In 2004, Avastin (bevacizumab), the originator drug developed by Roche, was launched in the United States. It achieved global sales of USD 7 billion in 2018, ranking seventh on the list of the world’s best-selling drugs that year. Avastin was approved for marketing in China in 2010 and was included in the National Reimbursement Drug List (NRDL) through price negotiations in 2017, with its price per vial reduced from RMB 5,210 to RMB 1,998. In the latest negotiation results announced on November 28, Avastin successfully renewed its NRDL listing, although the specific price was kept confidential. However, data released by the National Healthcare Security Administration indicated that the average price reduction for the 27 renewed drugs was 26.4%. Based on this figure, the estimated price of Avastin is approximately RMB 1,470.5 per vial or lower.
It is also worth noting that, according to the 2019 regulations of the National Healthcare Security Administration: during the validity period, if drugs with the same generic name (generic drugs) are launched on the market, the healthcare security authorities will adjust the payment standard for such drugs based on the price level of the generics, and may also include the generic name in the scope of centralized procurement. This implies that the healthcare security payment standard for Avastin may undergo another adjustment. From this perspective, the approval and market launch of Ankeda at this time will undoubtedly exert a certain market impact on Avastin.

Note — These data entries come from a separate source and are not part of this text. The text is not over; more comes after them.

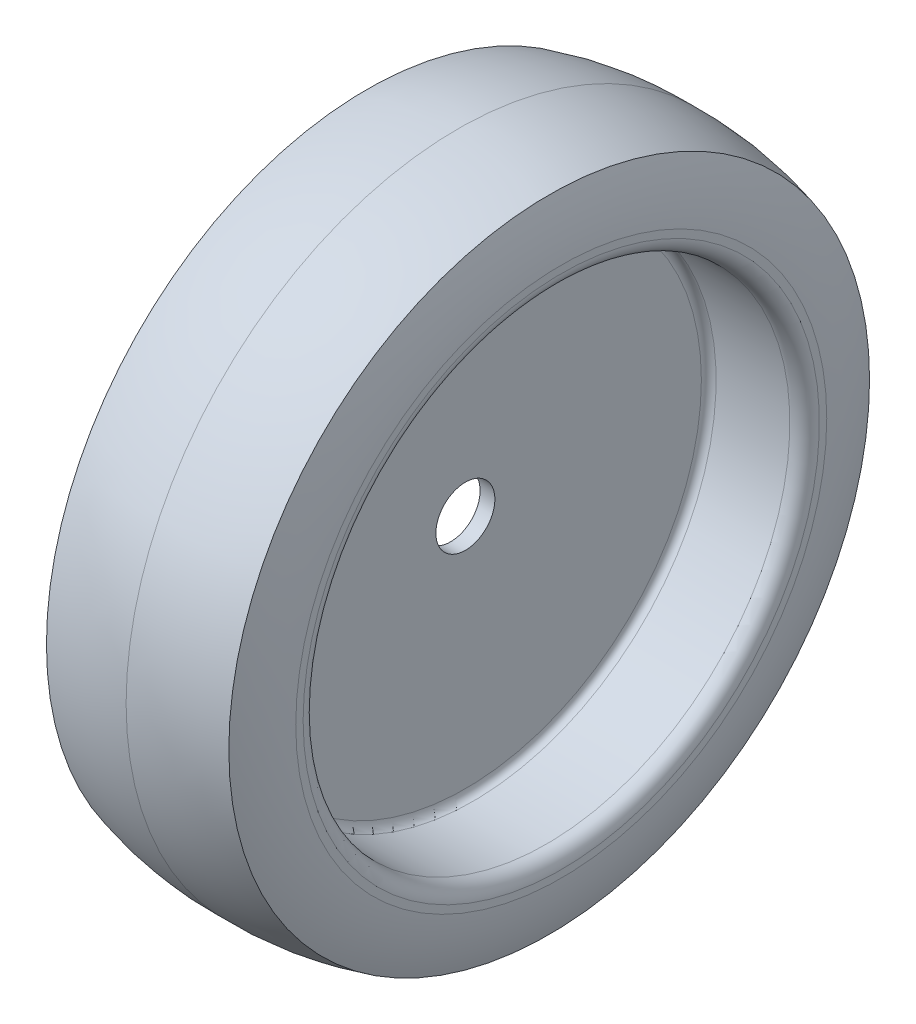
ISO-10303-21;
HEADER;
FILE_DESCRIPTION(('STEP AP214'),'2;1');
FILE_NAME('part.step','',(''),(''),'','','');
FILE_SCHEMA(('AUTOMOTIVE_DESIGN { 1 0 10303 214 1 1 1 1 }'));
ENDSEC;
DATA;
#1=APPLICATION_CONTEXT('core data for automotive mechanical design processes');
#2=APPLICATION_PROTOCOL_DEFINITION('international standard','automotive_design',2000,#1);
#3=PRODUCT_CONTEXT('',#1,'mechanical');
#4=PRODUCT('Part','Part','',(#3));
#5=PRODUCT_RELATED_PRODUCT_CATEGORY('part','',(#4));
#6=PRODUCT_DEFINITION_FORMATION('','',#4);
#7=PRODUCT_DEFINITION_CONTEXT('part definition',#1,'design');
#8=PRODUCT_DEFINITION('design','',#6,#7);
#9=PRODUCT_DEFINITION_SHAPE('','',#8);
#10=(LENGTH_UNIT() NAMED_UNIT(*) SI_UNIT(.MILLI.,.METRE.));
#11=(NAMED_UNIT(*) PLANE_ANGLE_UNIT() SI_UNIT($,.RADIAN.));
#12=(NAMED_UNIT(*) SI_UNIT($,.STERADIAN.) SOLID_ANGLE_UNIT());
#13=UNCERTAINTY_MEASURE_WITH_UNIT(LENGTH_MEASURE(1.E-05),#10,'distance_accuracy_value','');
#14=(GEOMETRIC_REPRESENTATION_CONTEXT(3) GLOBAL_UNCERTAINTY_ASSIGNED_CONTEXT((#13)) GLOBAL_UNIT_ASSIGNED_CONTEXT((#10,
#11,#12)) REPRESENTATION_CONTEXT('',''));
#15=CARTESIAN_POINT('',(0.,0.,0.));
#16=DIRECTION('',(0.,0.,1.));
#17=DIRECTION('',(1.,0.,0.));
#18=AXIS2_PLACEMENT_3D('',#15,#16,#17);
#19=CARTESIAN_POINT('',(2.,0.,0.));
#20=DIRECTION('',(-1.,0.,0.));
#21=DIRECTION('',(0.,0.,1.));
#22=AXIS2_PLACEMENT_3D('',#19,#20,#21);
#23=TOROIDAL_SURFACE('',#22,32.,2.);
#24=CARTESIAN_POINT('',(2.,0.,0.));
#25=DIRECTION('',(-1.,0.,0.));
#26=DIRECTION('',(0.,0.,1.));
#27=AXIS2_PLACEMENT_3D('',#24,#25,#26);
#28=CIRCLE('',#27,34.);
#29=CARTESIAN_POINT('',(2.,0.,34.));
#30=VERTEX_POINT('',#29);
#31=EDGE_CURVE('E11',#30,#30,#28,.T.);
#32=ORIENTED_EDGE('',*,*,#31,.F.);
#33=EDGE_LOOP('',(#32));
#34=FACE_BOUND('',#33,.T.);
#35=CARTESIAN_POINT('',(0.,0.,0.));
#36=DIRECTION('',(-1.,0.,0.));
#37=DIRECTION('',(0.,0.,1.));
#38=AXIS2_PLACEMENT_3D('',#35,#36,#37);
#39=CIRCLE('',#38,32.);
#40=CARTESIAN_POINT('',(0.,0.,32.));
#41=VERTEX_POINT('',#40);
#42=EDGE_CURVE('E82',#41,#41,#39,.T.);
#43=ORIENTED_EDGE('',*,*,#42,.T.);
#44=EDGE_LOOP('',(#43));
#45=FACE_BOUND('',#44,.T.);
#46=ADVANCED_FACE('F42',(#34,#45),#23,.F.);
#47=CARTESIAN_POINT('',(0.,0.,0.));
#48=DIRECTION('',(-1.,0.,0.));
#49=DIRECTION('',(0.,0.,1.));
#50=AXIS2_PLACEMENT_3D('',#47,#48,#49);
#51=CYLINDRICAL_SURFACE('',#50,34.);
#52=CARTESIAN_POINT('',(12.,0.,0.));
#53=DIRECTION('',(-1.,0.,0.));
#54=DIRECTION('',(0.,0.,1.));
#55=AXIS2_PLACEMENT_3D('',#52,#53,#54);
#56=CIRCLE('',#55,34.);
#57=CARTESIAN_POINT('',(12.,0.,34.));
#58=VERTEX_POINT('',#57);
#59=EDGE_CURVE('E48',#58,#58,#56,.T.);
#60=ORIENTED_EDGE('',*,*,#59,.F.);
#61=EDGE_LOOP('',(#60));
#62=FACE_BOUND('',#61,.T.);
#63=ORIENTED_EDGE('',*,*,#31,.T.);
#64=EDGE_LOOP('',(#63));
#65=FACE_BOUND('',#64,.T.);
#66=ADVANCED_FACE('F104',(#62,#65),#51,.F.);
#67=CARTESIAN_POINT('',(12.,0.,0.));
#68=DIRECTION('',(-1.,0.,0.));
#69=DIRECTION('',(0.,0.,1.));
#70=AXIS2_PLACEMENT_3D('',#67,#68,#69);
#71=TOROIDAL_SURFACE('',#70,35.,1.);
#72=CARTESIAN_POINT('',(13.,0.,0.));
#73=DIRECTION('',(-1.,0.,0.));
#74=DIRECTION('',(0.,0.,1.));
#75=AXIS2_PLACEMENT_3D('',#72,#73,#74);
#76=CIRCLE('',#75,35.);
#77=CARTESIAN_POINT('',(13.,0.,35.));
#78=VERTEX_POINT('',#77);
#79=EDGE_CURVE('E52',#78,#78,#76,.T.);
#80=ORIENTED_EDGE('',*,*,#79,.F.);
#81=EDGE_LOOP('',(#80));
#82=FACE_BOUND('',#81,.T.);
#83=ORIENTED_EDGE('',*,*,#59,.T.);
#84=EDGE_LOOP('',(#83));
#85=FACE_BOUND('',#84,.T.);
#86=ADVANCED_FACE('F109',(#82,#85),#71,.T.);
#87=CARTESIAN_POINT('',(14.,0.,0.));
#88=DIRECTION('',(-1.,0.,0.));
#89=DIRECTION('',(0.,0.,1.));
#90=AXIS2_PLACEMENT_3D('',#87,#88,#89);
#91=TOROIDAL_SURFACE('',#90,35.,0.999999999999999);
#92=CARTESIAN_POINT('',(14.,0.,0.));
#93=DIRECTION('',(-1.,0.,0.));
#94=DIRECTION('',(0.,0.,1.));
#95=AXIS2_PLACEMENT_3D('',#92,#93,#94);
#96=CIRCLE('',#95,36.);
#97=CARTESIAN_POINT('',(14.,0.,36.));
#98=VERTEX_POINT('',#97);
#99=EDGE_CURVE('E56',#98,#98,#96,.T.);
#100=ORIENTED_EDGE('',*,*,#99,.F.);
#101=EDGE_LOOP('',(#100));
#102=FACE_BOUND('',#101,.T.);
#103=ORIENTED_EDGE('',*,*,#79,.T.);
#104=EDGE_LOOP('',(#103));
#105=FACE_BOUND('',#104,.T.);
#106=ADVANCED_FACE('F114',(#102,#105),#91,.F.);
#107=CARTESIAN_POINT('',(-11.4679460953007,0.,0.));
#108=DIRECTION('',(-1.,0.,0.));
#109=DIRECTION('',(0.,0.,1.));
#110=AXIS2_PLACEMENT_3D('',#107,#108,#109);
#111=TOROIDAL_SURFACE('',#110,34.296283869293,25.5248687943185);
#112=CARTESIAN_POINT('',(12.3636380484818,0.,0.));
#113=DIRECTION('',(-1.,0.,0.));
#114=DIRECTION('',(0.,0.,1.));
#115=AXIS2_PLACEMENT_3D('',#112,#113,#114);
#116=CIRCLE('',#115,43.4381941819677);
#117=CARTESIAN_POINT('',(12.3636380484818,0.,43.4381941819677));
#118=VERTEX_POINT('',#117);
#119=EDGE_CURVE('E61',#118,#118,#116,.T.);
#120=ORIENTED_EDGE('',*,*,#119,.F.);
#121=EDGE_LOOP('',(#120));
#122=FACE_BOUND('',#121,.T.);
#123=ORIENTED_EDGE('',*,*,#99,.T.);
#124=EDGE_LOOP('',(#123));
#125=FACE_BOUND('',#124,.T.);
#126=ADVANCED_FACE('F100',(#122,#125),#111,.T.);
#127=CARTESIAN_POINT('',(1.06150142365876,0.,0.));
#128=DIRECTION('',(-1.,0.,0.));
#129=DIRECTION('',(0.,0.,1.));
#130=AXIS2_PLACEMENT_3D('',#127,#128,#129);
#131=DEGENERATE_TOROIDAL_SURFACE('',#130,3.68540668212945,41.3282277177895,.T.);
#132=CARTESIAN_POINT('',(0.,0.,0.));
#133=DIRECTION('',(-1.,0.,0.));
#134=DIRECTION('',(0.,0.,1.));
#135=AXIS2_PLACEMENT_3D('',#132,#133,#134);
#136=CIRCLE('',#135,45.);
#137=CARTESIAN_POINT('',(0.,0.,45.));
#138=VERTEX_POINT('',#137);
#139=EDGE_CURVE('E64',#138,#138,#136,.T.);
#140=ORIENTED_EDGE('',*,*,#139,.F.);
#141=EDGE_LOOP('',(#140));
#142=FACE_BOUND('',#141,.T.);
#143=ORIENTED_EDGE('',*,*,#119,.T.);
#144=EDGE_LOOP('',(#143));
#145=FACE_BOUND('',#144,.T.);
#146=ADVANCED_FACE('F90',(#142,#145),#131,.T.);
#147=CARTESIAN_POINT('',(-2.,0.,0.));
#148=DIRECTION('',(1.,0.,0.));
#149=DIRECTION('',(0.,0.,1.));
#150=AXIS2_PLACEMENT_3D('',#147,#148,#149);
#151=TOROIDAL_SURFACE('',#150,32.,2.);
#152=CARTESIAN_POINT('',(-2.,0.,0.));
#153=DIRECTION('',(-1.,0.,0.));
#154=DIRECTION('',(0.,0.,1.));
#155=AXIS2_PLACEMENT_3D('',#152,#153,#154);
#156=CIRCLE('',#155,34.);
#157=CARTESIAN_POINT('',(-2.,0.,34.));
#158=VERTEX_POINT('',#157);
#159=EDGE_CURVE('E67',#158,#158,#156,.T.);
#160=ORIENTED_EDGE('',*,*,#159,.T.);
#161=EDGE_LOOP('',(#160));
#162=FACE_BOUND('',#161,.T.);
#163=ORIENTED_EDGE('',*,*,#42,.F.);
#164=EDGE_LOOP('',(#163));
#165=FACE_BOUND('',#164,.T.);
#166=ADVANCED_FACE('F87',(#162,#165),#151,.F.);
#167=CARTESIAN_POINT('',(0.,0.,0.));
#168=DIRECTION('',(1.,0.,0.));
#169=DIRECTION('',(0.,0.,1.));
#170=AXIS2_PLACEMENT_3D('',#167,#168,#169);
#171=CYLINDRICAL_SURFACE('',#170,34.);
#172=CARTESIAN_POINT('',(-12.,0.,0.));
#173=DIRECTION('',(-1.,0.,0.));
#174=DIRECTION('',(0.,0.,1.));
#175=AXIS2_PLACEMENT_3D('',#172,#173,#174);
#176=CIRCLE('',#175,34.);
#177=CARTESIAN_POINT('',(-12.,0.,34.));
#178=VERTEX_POINT('',#177);
#179=EDGE_CURVE('E70',#178,#178,#176,.T.);
#180=ORIENTED_EDGE('',*,*,#179,.T.);
#181=EDGE_LOOP('',(#180));
#182=FACE_BOUND('',#181,.T.);
#183=ORIENTED_EDGE('',*,*,#159,.F.);
#184=EDGE_LOOP('',(#183));
#185=FACE_BOUND('',#184,.T.);
#186=ADVANCED_FACE('F89',(#182,#185),#171,.F.);
#187=CARTESIAN_POINT('',(-12.,0.,0.));
#188=DIRECTION('',(1.,0.,0.));
#189=DIRECTION('',(0.,0.,1.));
#190=AXIS2_PLACEMENT_3D('',#187,#188,#189);
#191=TOROIDAL_SURFACE('',#190,35.,1.);
#192=CARTESIAN_POINT('',(-13.,0.,0.));
#193=DIRECTION('',(-1.,0.,0.));
#194=DIRECTION('',(0.,0.,1.));
#195=AXIS2_PLACEMENT_3D('',#192,#193,#194);
#196=CIRCLE('',#195,35.);
#197=CARTESIAN_POINT('',(-13.,0.,35.));
#198=VERTEX_POINT('',#197);
#199=EDGE_CURVE('E73',#198,#198,#196,.T.);
#200=ORIENTED_EDGE('',*,*,#199,.T.);
#201=EDGE_LOOP('',(#200));
#202=FACE_BOUND('',#201,.T.);
#203=ORIENTED_EDGE('',*,*,#179,.F.);
#204=EDGE_LOOP('',(#203));
#205=FACE_BOUND('',#204,.T.);
#206=ADVANCED_FACE('F97',(#202,#205),#191,.T.);
#207=CARTESIAN_POINT('',(-14.,0.,0.));
#208=DIRECTION('',(1.,0.,0.));
#209=DIRECTION('',(0.,0.,1.));
#210=AXIS2_PLACEMENT_3D('',#207,#208,#209);
#211=TOROIDAL_SURFACE('',#210,35.,0.999999999999999);
#212=CARTESIAN_POINT('',(-14.,0.,0.));
#213=DIRECTION('',(-1.,0.,0.));
#214=DIRECTION('',(0.,0.,1.));
#215=AXIS2_PLACEMENT_3D('',#212,#213,#214);
#216=CIRCLE('',#215,36.);
#217=CARTESIAN_POINT('',(-14.,0.,36.));
#218=VERTEX_POINT('',#217);
#219=EDGE_CURVE('E76',#218,#218,#216,.T.);
#220=ORIENTED_EDGE('',*,*,#219,.T.);
#221=EDGE_LOOP('',(#220));
#222=FACE_BOUND('',#221,.T.);
#223=ORIENTED_EDGE('',*,*,#199,.F.);
#224=EDGE_LOOP('',(#223));
#225=FACE_BOUND('',#224,.T.);
#226=ADVANCED_FACE('F175',(#222,#225),#211,.F.);
#227=CARTESIAN_POINT('',(11.4679460953007,0.,0.));
#228=DIRECTION('',(1.,0.,0.));
#229=DIRECTION('',(0.,0.,1.));
#230=AXIS2_PLACEMENT_3D('',#227,#228,#229);
#231=TOROIDAL_SURFACE('',#230,34.296283869293,25.5248687943185);
#232=CARTESIAN_POINT('',(-12.3636380484818,0.,0.));
#233=DIRECTION('',(-1.,0.,0.));
#234=DIRECTION('',(0.,0.,1.));
#235=AXIS2_PLACEMENT_3D('',#232,#233,#234);
#236=CIRCLE('',#235,43.4381941819677);
#237=CARTESIAN_POINT('',(-12.3636380484818,0.,43.4381941819677));
#238=VERTEX_POINT('',#237);
#239=EDGE_CURVE('E79',#238,#238,#236,.T.);
#240=ORIENTED_EDGE('',*,*,#239,.T.);
#241=EDGE_LOOP('',(#240));
#242=FACE_BOUND('',#241,.T.);
#243=ORIENTED_EDGE('',*,*,#219,.F.);
#244=EDGE_LOOP('',(#243));
#245=FACE_BOUND('',#244,.T.);
#246=ADVANCED_FACE('F185',(#242,#245),#231,.T.);
#247=CARTESIAN_POINT('',(-1.06150142365876,0.,0.));
#248=DIRECTION('',(1.,0.,0.));
#249=DIRECTION('',(0.,0.,1.));
#250=AXIS2_PLACEMENT_3D('',#247,#248,#249);
#251=DEGENERATE_TOROIDAL_SURFACE('',#250,3.68540668212945,41.3282277177895,.T.);
#252=ORIENTED_EDGE('',*,*,#139,.T.);
#253=EDGE_LOOP('',(#252));
#254=FACE_BOUND('',#253,.T.);
#255=ORIENTED_EDGE('',*,*,#239,.F.);
#256=EDGE_LOOP('',(#255));
#257=FACE_BOUND('',#256,.T.);
#258=ADVANCED_FACE('F195',(#254,#257),#251,.T.);
#259=CLOSED_SHELL('',(#46,#66,#86,#106,#126,#146,#166,#186,#206,#226,#246,#258));
#260=MANIFOLD_SOLID_BREP('B2',#259);
#261=CARTESIAN_POINT('',(0.,0.,0.));
#262=DIRECTION('',(-1.,0.,0.));
#263=DIRECTION('',(0.,0.,1.));
#264=AXIS2_PLACEMENT_3D('',#261,#262,#263);
#265=CYLINDRICAL_SURFACE('',#264,4.);
#266=CARTESIAN_POINT('',(1.,0.,0.));
#267=DIRECTION('',(-1.,0.,0.));
#268=DIRECTION('',(0.,0.,1.));
#269=AXIS2_PLACEMENT_3D('',#266,#267,#268);
#270=CIRCLE('',#269,4.);
#271=CARTESIAN_POINT('',(1.,0.,4.));
#272=VERTEX_POINT('',#271);
#273=EDGE_CURVE('E41',#272,#272,#270,.T.);
#274=ORIENTED_EDGE('',*,*,#273,.F.);
#275=EDGE_LOOP('',(#274));
#276=FACE_BOUND('',#275,.T.);
#277=CARTESIAN_POINT('',(-1.,0.,0.));
#278=DIRECTION('',(-1.,0.,0.));
#279=DIRECTION('',(0.,0.,1.));
#280=AXIS2_PLACEMENT_3D('',#277,#278,#279);
#281=CIRCLE('',#280,4.);
#282=CARTESIAN_POINT('',(-1.,0.,4.));
#283=VERTEX_POINT('',#282);
#284=EDGE_CURVE('E260',#283,#283,#281,.T.);
#285=ORIENTED_EDGE('',*,*,#284,.T.);
#286=EDGE_LOOP('',(#285));
#287=FACE_BOUND('',#286,.T.);
#288=ADVANCED_FACE('F223',(#276,#287),#265,.F.);
#289=CARTESIAN_POINT('',(1.,32.,0.));
#290=DIRECTION('',(1.,0.,0.));
#291=DIRECTION('',(0.,0.,-1.));
#292=AXIS2_PLACEMENT_3D('',#289,#290,#291);
#293=PLANE('',#292);
#294=ORIENTED_EDGE('',*,*,#273,.T.);
#295=EDGE_LOOP('',(#294));
#296=FACE_BOUND('',#295,.T.);
#297=CARTESIAN_POINT('',(1.,0.,0.));
#298=DIRECTION('',(-1.,0.,0.));
#299=DIRECTION('',(0.,0.,1.));
#300=AXIS2_PLACEMENT_3D('',#297,#298,#299);
#301=CIRCLE('',#300,32.);
#302=CARTESIAN_POINT('',(1.,0.,32.));
#303=VERTEX_POINT('',#302);
#304=EDGE_CURVE('E229',#303,#303,#301,.T.);
#305=ORIENTED_EDGE('',*,*,#304,.F.);
#306=EDGE_LOOP('',(#305));
#307=FACE_BOUND('',#306,.T.);
#308=ADVANCED_FACE('F301',(#296,#307),#293,.T.);
#309=CARTESIAN_POINT('',(2.,0.,0.));
#310=DIRECTION('',(-1.,0.,0.));
#311=DIRECTION('',(0.,0.,1.));
#312=AXIS2_PLACEMENT_3D('',#309,#310,#311);
#313=TOROIDAL_SURFACE('',#312,32.,1.);
#314=ORIENTED_EDGE('',*,*,#304,.T.);
#315=EDGE_LOOP('',(#314));
#316=FACE_BOUND('',#315,.T.);
#317=CARTESIAN_POINT('',(2.,0.,0.));
#318=DIRECTION('',(-1.,0.,0.));
#319=DIRECTION('',(0.,0.,1.));
#320=AXIS2_PLACEMENT_3D('',#317,#318,#319);
#321=CIRCLE('',#320,33.);
#322=CARTESIAN_POINT('',(2.,0.,33.));
#323=VERTEX_POINT('',#322);
#324=EDGE_CURVE('E233',#323,#323,#321,.T.);
#325=ORIENTED_EDGE('',*,*,#324,.F.);
#326=EDGE_LOOP('',(#325));
#327=FACE_BOUND('',#326,.T.);
#328=ADVANCED_FACE('F306',(#316,#327),#313,.F.);
#329=CARTESIAN_POINT('',(0.,0.,0.));
#330=DIRECTION('',(-1.,0.,0.));
#331=DIRECTION('',(0.,0.,1.));
#332=AXIS2_PLACEMENT_3D('',#329,#330,#331);
#333=CYLINDRICAL_SURFACE('',#332,33.);
#334=ORIENTED_EDGE('',*,*,#324,.T.);
#335=EDGE_LOOP('',(#334));
#336=FACE_BOUND('',#335,.T.);
#337=CARTESIAN_POINT('',(12.,0.,0.));
#338=DIRECTION('',(-1.,0.,0.));
#339=DIRECTION('',(0.,0.,1.));
#340=AXIS2_PLACEMENT_3D('',#337,#338,#339);
#341=CIRCLE('',#340,33.);
#342=CARTESIAN_POINT('',(12.,0.,33.));
#343=VERTEX_POINT('',#342);
#344=EDGE_CURVE('E237',#343,#343,#341,.T.);
#345=ORIENTED_EDGE('',*,*,#344,.F.);
#346=EDGE_LOOP('',(#345));
#347=FACE_BOUND('',#346,.T.);
#348=ADVANCED_FACE('F373',(#336,#347),#333,.F.);
#349=CARTESIAN_POINT('',(12.,0.,0.));
#350=DIRECTION('',(-1.,0.,0.));
#351=DIRECTION('',(0.,0.,1.));
#352=AXIS2_PLACEMENT_3D('',#349,#350,#351);
#353=TOROIDAL_SURFACE('',#352,35.,2.);
#354=ORIENTED_EDGE('',*,*,#344,.T.);
#355=EDGE_LOOP('',(#354));
#356=FACE_BOUND('',#355,.T.);
#357=CARTESIAN_POINT('',(14.,0.,0.));
#358=DIRECTION('',(-1.,0.,0.));
#359=DIRECTION('',(0.,0.,1.));
#360=AXIS2_PLACEMENT_3D('',#357,#358,#359);
#361=CIRCLE('',#360,35.);
#362=CARTESIAN_POINT('',(14.,0.,35.));
#363=VERTEX_POINT('',#362);
#364=EDGE_CURVE('E242',#363,#363,#361,.T.);
#365=ORIENTED_EDGE('',*,*,#364,.F.);
#366=EDGE_LOOP('',(#365));
#367=FACE_BOUND('',#366,.T.);
#368=ADVANCED_FACE('F369',(#356,#367),#353,.T.);
#369=CARTESIAN_POINT('',(14.,36.,0.));
#370=DIRECTION('',(1.,0.,0.));
#371=DIRECTION('',(0.,0.,-1.));
#372=AXIS2_PLACEMENT_3D('',#369,#370,#371);
#373=PLANE('',#372);
#374=ORIENTED_EDGE('',*,*,#364,.T.);
#375=EDGE_LOOP('',(#374));
#376=FACE_BOUND('',#375,.T.);
#377=CARTESIAN_POINT('',(14.,0.,0.));
#378=DIRECTION('',(-1.,0.,0.));
#379=DIRECTION('',(0.,0.,1.));
#380=AXIS2_PLACEMENT_3D('',#377,#378,#379);
#381=CIRCLE('',#380,36.);
#382=CARTESIAN_POINT('',(14.,0.,36.));
#383=VERTEX_POINT('',#382);
#384=EDGE_CURVE('E245',#383,#383,#381,.T.);
#385=ORIENTED_EDGE('',*,*,#384,.F.);
#386=EDGE_LOOP('',(#385));
#387=FACE_BOUND('',#386,.T.);
#388=ADVANCED_FACE('F365',(#376,#387),#373,.T.);
#389=CARTESIAN_POINT('',(14.,0.,0.));
#390=DIRECTION('',(-1.,0.,0.));
#391=DIRECTION('',(0.,0.,1.));
#392=AXIS2_PLACEMENT_3D('',#389,#390,#391);
#393=TOROIDAL_SURFACE('',#392,35.,0.999999999999999);
#394=CARTESIAN_POINT('',(13.,0.,0.));
#395=DIRECTION('',(-1.,0.,0.));
#396=DIRECTION('',(0.,0.,1.));
#397=AXIS2_PLACEMENT_3D('',#394,#395,#396);
#398=CIRCLE('',#397,35.);
#399=CARTESIAN_POINT('',(13.,0.,35.));
#400=VERTEX_POINT('',#399);
#401=EDGE_CURVE('E248',#400,#400,#398,.T.);
#402=ORIENTED_EDGE('',*,*,#401,.F.);
#403=EDGE_LOOP('',(#402));
#404=FACE_BOUND('',#403,.T.);
#405=ORIENTED_EDGE('',*,*,#384,.T.);
#406=EDGE_LOOP('',(#405));
#407=FACE_BOUND('',#406,.T.);
#408=ADVANCED_FACE('F361',(#404,#407),#393,.T.);
#409=CARTESIAN_POINT('',(12.,0.,0.));
#410=DIRECTION('',(-1.,0.,0.));
#411=DIRECTION('',(0.,0.,1.));
#412=AXIS2_PLACEMENT_3D('',#409,#410,#411);
#413=TOROIDAL_SURFACE('',#412,35.,1.);
#414=CARTESIAN_POINT('',(12.,0.,0.));
#415=DIRECTION('',(-1.,0.,0.));
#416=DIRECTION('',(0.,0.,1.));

Not only Agoda, Avastin is also facing a two-pronged attack in both domestic and international markets. In the international market, the FDA has approved two bevacizumab biosimilars: Mvasi by Amgen/Allergan and Zirabev by Pfizer. In the Chinese market, besides Qilu Pharmaceutical, according to the CPM database, there are currently other companies such as Innovent Biologics that have submitted marketing applications for bevacizumab, while some biologics are still in clinical research stages.PharmaceuticalsThere are more than 20 companies.